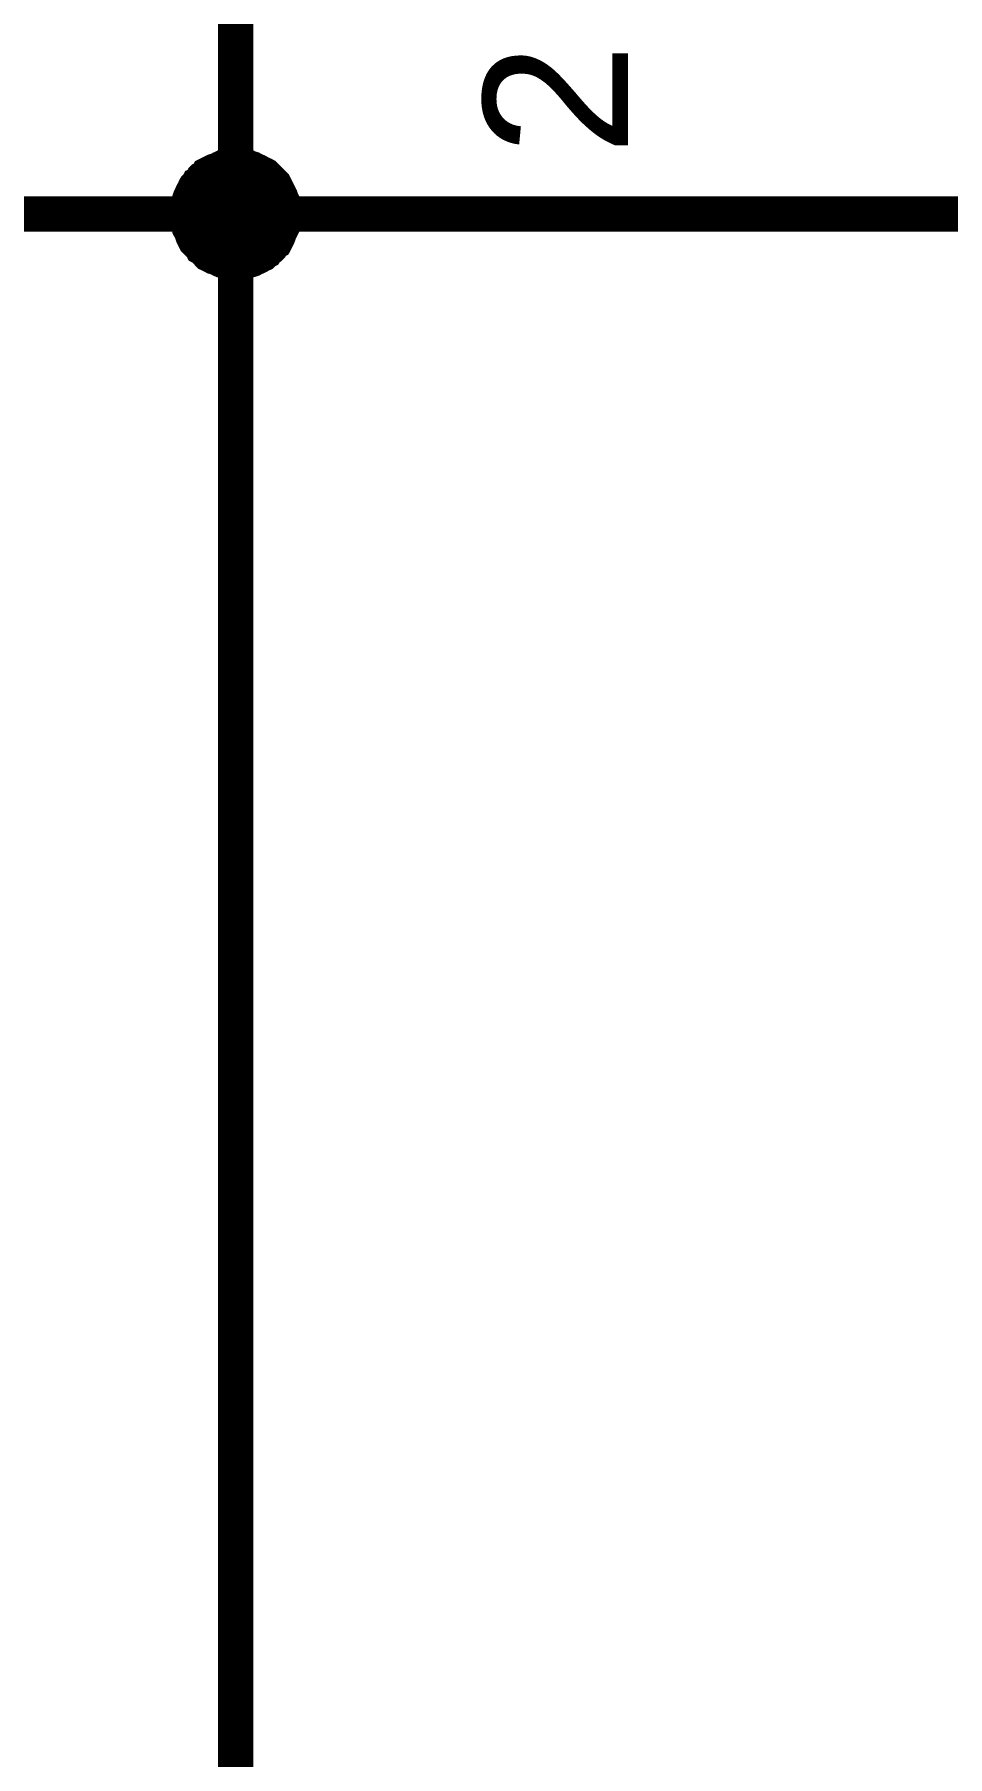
# Model space of a CAD drawing. Header units: millimetres. Extents: x 0 to 594, y 0 to 420.
# Drawn here: x 328.17 to 335.93, y 355.4 to 370.01 of the extents above; entities that cross this region are included whole.
import ezdxf

# ---------------------------------------------------------------- set-up
doc = ezdxf.new("R2010")
doc.units = ezdxf.units.MM
doc.layers.add('Sheet', color=255, linetype='Continuous')
doc.styles.get("Standard").update_dxf_attribs({"font": 'arial.ttf'})

msp = doc.modelspace()

# ---------------------------------------------------------------- linework, layer by layer
at = {"layer": 'Sheet', "color": 0}
for points, const_width in [([(329.881, 368.49), (329.881, 377.496)], 0.3), ([(329.373, 368.49), (329.373, 368.521), (329.373, 368.542), (329.384, 368.564), (329.384, 368.595), (329.394, 368.617), (329.394, 368.638), (329.405, 368.669), (329.416, 368.691), (329.426, 368.712), (329.437, 368.733), (329.447, 368.754), (329.458, 368.775), (329.479, 368.796), (329.49, 368.818), (329.511, 368.828), (329.521, 368.849), (329.543, 368.871), (329.564, 368.881), (329.574, 368.902), (329.595, 368.913), (329.617, 368.923), (329.638, 368.934), (329.659, 368.945), (329.691, 368.955), (329.712, 368.966), (329.733, 368.976), (329.754, 368.987), (329.775, 368.987), (329.807, 368.987), (329.828, 368.998), (329.86, 368.998), (329.881, 368.998)], 0.0991), ([(329.373, 368.49), (329.373, 368.521), (329.373, 368.542), (329.384, 368.564), (329.384, 368.595), (329.394, 368.617), (329.394, 368.638), (329.405, 368.669), (329.416, 368.691), (329.426, 368.712), (329.437, 368.733), (329.447, 368.754), (329.458, 368.775), (329.479, 368.796), (329.49, 368.818), (329.511, 368.828), (329.521, 368.849), (329.543, 368.871), (329.564, 368.881), (329.574, 368.902), (329.595, 368.913), (329.617, 368.923), (329.638, 368.934), (329.659, 368.945), (329.691, 368.955), (329.712, 368.966), (329.733, 368.976), (329.754, 368.987), (329.775, 368.987), (329.807, 368.987), (329.828, 368.998), (329.86, 368.998), (329.881, 368.998)], 0.0991), ([(329.373, 368.49), (329.373, 368.521), (329.373, 368.542), (329.384, 368.564), (329.384, 368.595), (329.394, 368.617), (329.394, 368.638), (329.405, 368.669), (329.416, 368.691), (329.426, 368.712), (329.437, 368.733), (329.447, 368.754), (329.458, 368.775), (329.479, 368.796), (329.49, 368.818), (329.511, 368.828), (329.521, 368.849), (329.543, 368.871), (329.564, 368.881), (329.574, 368.902), (329.595, 368.913), (329.617, 368.923), (329.638, 368.934), (329.659, 368.945), (329.691, 368.955), (329.712, 368.966), (329.733, 368.976), (329.754, 368.987), (329.775, 368.987), (329.807, 368.987), (329.828, 368.998), (329.86, 368.998), (329.881, 368.998)], 0.0991), ([(329.373, 368.49), (329.373, 368.521), (329.373, 368.542), (329.384, 368.564), (329.384, 368.595), (329.394, 368.617), (329.394, 368.638), (329.405, 368.669), (329.416, 368.691), (329.426, 368.712), (329.437, 368.733), (329.447, 368.754), (329.458, 368.775), (329.479, 368.796), (329.49, 368.818), (329.511, 368.828), (329.521, 368.849), (329.543, 368.871), (329.564, 368.881), (329.574, 368.902), (329.595, 368.913), (329.617, 368.923), (329.638, 368.934), (329.659, 368.945), (329.691, 368.955), (329.712, 368.966), (329.733, 368.976), (329.754, 368.987), (329.775, 368.987), (329.807, 368.987), (329.828, 368.998), (329.86, 368.998), (329.881, 368.998)], 0.0991), ([(329.373, 368.49), (329.373, 368.521), (329.373, 368.542), (329.384, 368.564), (329.384, 368.595), (329.394, 368.617), (329.394, 368.638), (329.405, 368.669), (329.416, 368.691), (329.426, 368.712), (329.437, 368.733), (329.447, 368.754), (329.458, 368.775), (329.479, 368.796), (329.49, 368.818), (329.511, 368.828), (329.521, 368.849), (329.543, 368.871), (329.564, 368.881), (329.574, 368.902), (329.595, 368.913), (329.617, 368.923), (329.638, 368.934), (329.659, 368.945), (329.691, 368.955), (329.712, 368.966), (329.733, 368.976), (329.754, 368.987), (329.775, 368.987), (329.807, 368.987), (329.828, 368.998), (329.86, 368.998), (329.881, 368.998)], 0.0991), ([(329.373, 368.49), (329.373, 368.521), (329.373, 368.542), (329.384, 368.564), (329.384, 368.595), (329.394, 368.617), (329.394, 368.638), (329.405, 368.669), (329.416, 368.691), (329.426, 368.712), (329.437, 368.733), (329.447, 368.754), (329.458, 368.775), (329.479, 368.796), (329.49, 368.818), (329.511, 368.828), (329.521, 368.849), (329.543, 368.871), (329.564, 368.881), (329.574, 368.902), (329.595, 368.913), (329.617, 368.923), (329.638, 368.934), (329.659, 368.945), (329.691, 368.955), (329.712, 368.966), (329.733, 368.976), (329.754, 368.987), (329.775, 368.987), (329.807, 368.987), (329.828, 368.998), (329.86, 368.998), (329.881, 368.998)], 0.0991), ([(329.373, 368.49), (329.373, 368.521), (329.373, 368.542), (329.384, 368.564), (329.384, 368.595), (329.394, 368.617), (329.394, 368.638), (329.405, 368.669), (329.416, 368.691), (329.426, 368.712), (329.437, 368.733), (329.447, 368.754), (329.458, 368.775), (329.479, 368.796), (329.49, 368.818), (329.511, 368.828), (329.521, 368.849), (329.543, 368.871), (329.564, 368.881), (329.574, 368.902), (329.595, 368.913), (329.617, 368.923), (329.638, 368.934), (329.659, 368.945), (329.691, 368.955), (329.712, 368.966), (329.733, 368.976), (329.754, 368.987), (329.775, 368.987), (329.807, 368.987), (329.828, 368.998), (329.86, 368.998), (329.881, 368.998)], 0.0991), ([(329.373, 368.49), (329.373, 368.521), (329.373, 368.542), (329.384, 368.564), (329.384, 368.595), (329.394, 368.617), (329.394, 368.638), (329.405, 368.669), (329.416, 368.691), (329.426, 368.712), (329.437, 368.733), (329.447, 368.754), (329.458, 368.775), (329.479, 368.796), (329.49, 368.818), (329.511, 368.828), (329.521, 368.849), (329.543, 368.871), (329.564, 368.881), (329.574, 368.902), (329.595, 368.913), (329.617, 368.923), (329.638, 368.934), (329.659, 368.945), (329.691, 368.955), (329.712, 368.966), (329.733, 368.976), (329.754, 368.987), (329.775, 368.987), (329.807, 368.987), (329.828, 368.998), (329.86, 368.998), (329.881, 368.998)], 0.0991), ([(329.373, 368.49), (329.373, 368.521), (329.373, 368.542), (329.384, 368.564), (329.384, 368.595), (329.394, 368.617), (329.394, 368.638), (329.405, 368.669), (329.416, 368.691), (329.426, 368.712), (329.437, 368.733), (329.447, 368.754), (329.458, 368.775), (329.479, 368.796), (329.49, 368.818), (329.511, 368.828), (329.521, 368.849), (329.543, 368.871), (329.564, 368.881), (329.574, 368.902), (329.595, 368.913), (329.617, 368.923), (329.638, 368.934), (329.659, 368.945), (329.691, 368.955), (329.712, 368.966), (329.733, 368.976), (329.754, 368.987), (329.775, 368.987), (329.807, 368.987), (329.828, 368.998), (329.86, 368.998), (329.881, 368.998)], 0.0991), ([(329.373, 368.49), (329.373, 368.521), (329.373, 368.542), (329.384, 368.564), (329.384, 368.595), (329.394, 368.617), (329.394, 368.638), (329.405, 368.669), (329.416, 368.691), (329.426, 368.712), (329.437, 368.733), (329.447, 368.754), (329.458, 368.775), (329.479, 368.796), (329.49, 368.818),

Task requirements.
Pull out all lines in the data above that include "color".

Answer below.
doc.layers.add('Sheet', color=255, linetype='Continuous')
at = {"layer": 'Sheet', "color": 0}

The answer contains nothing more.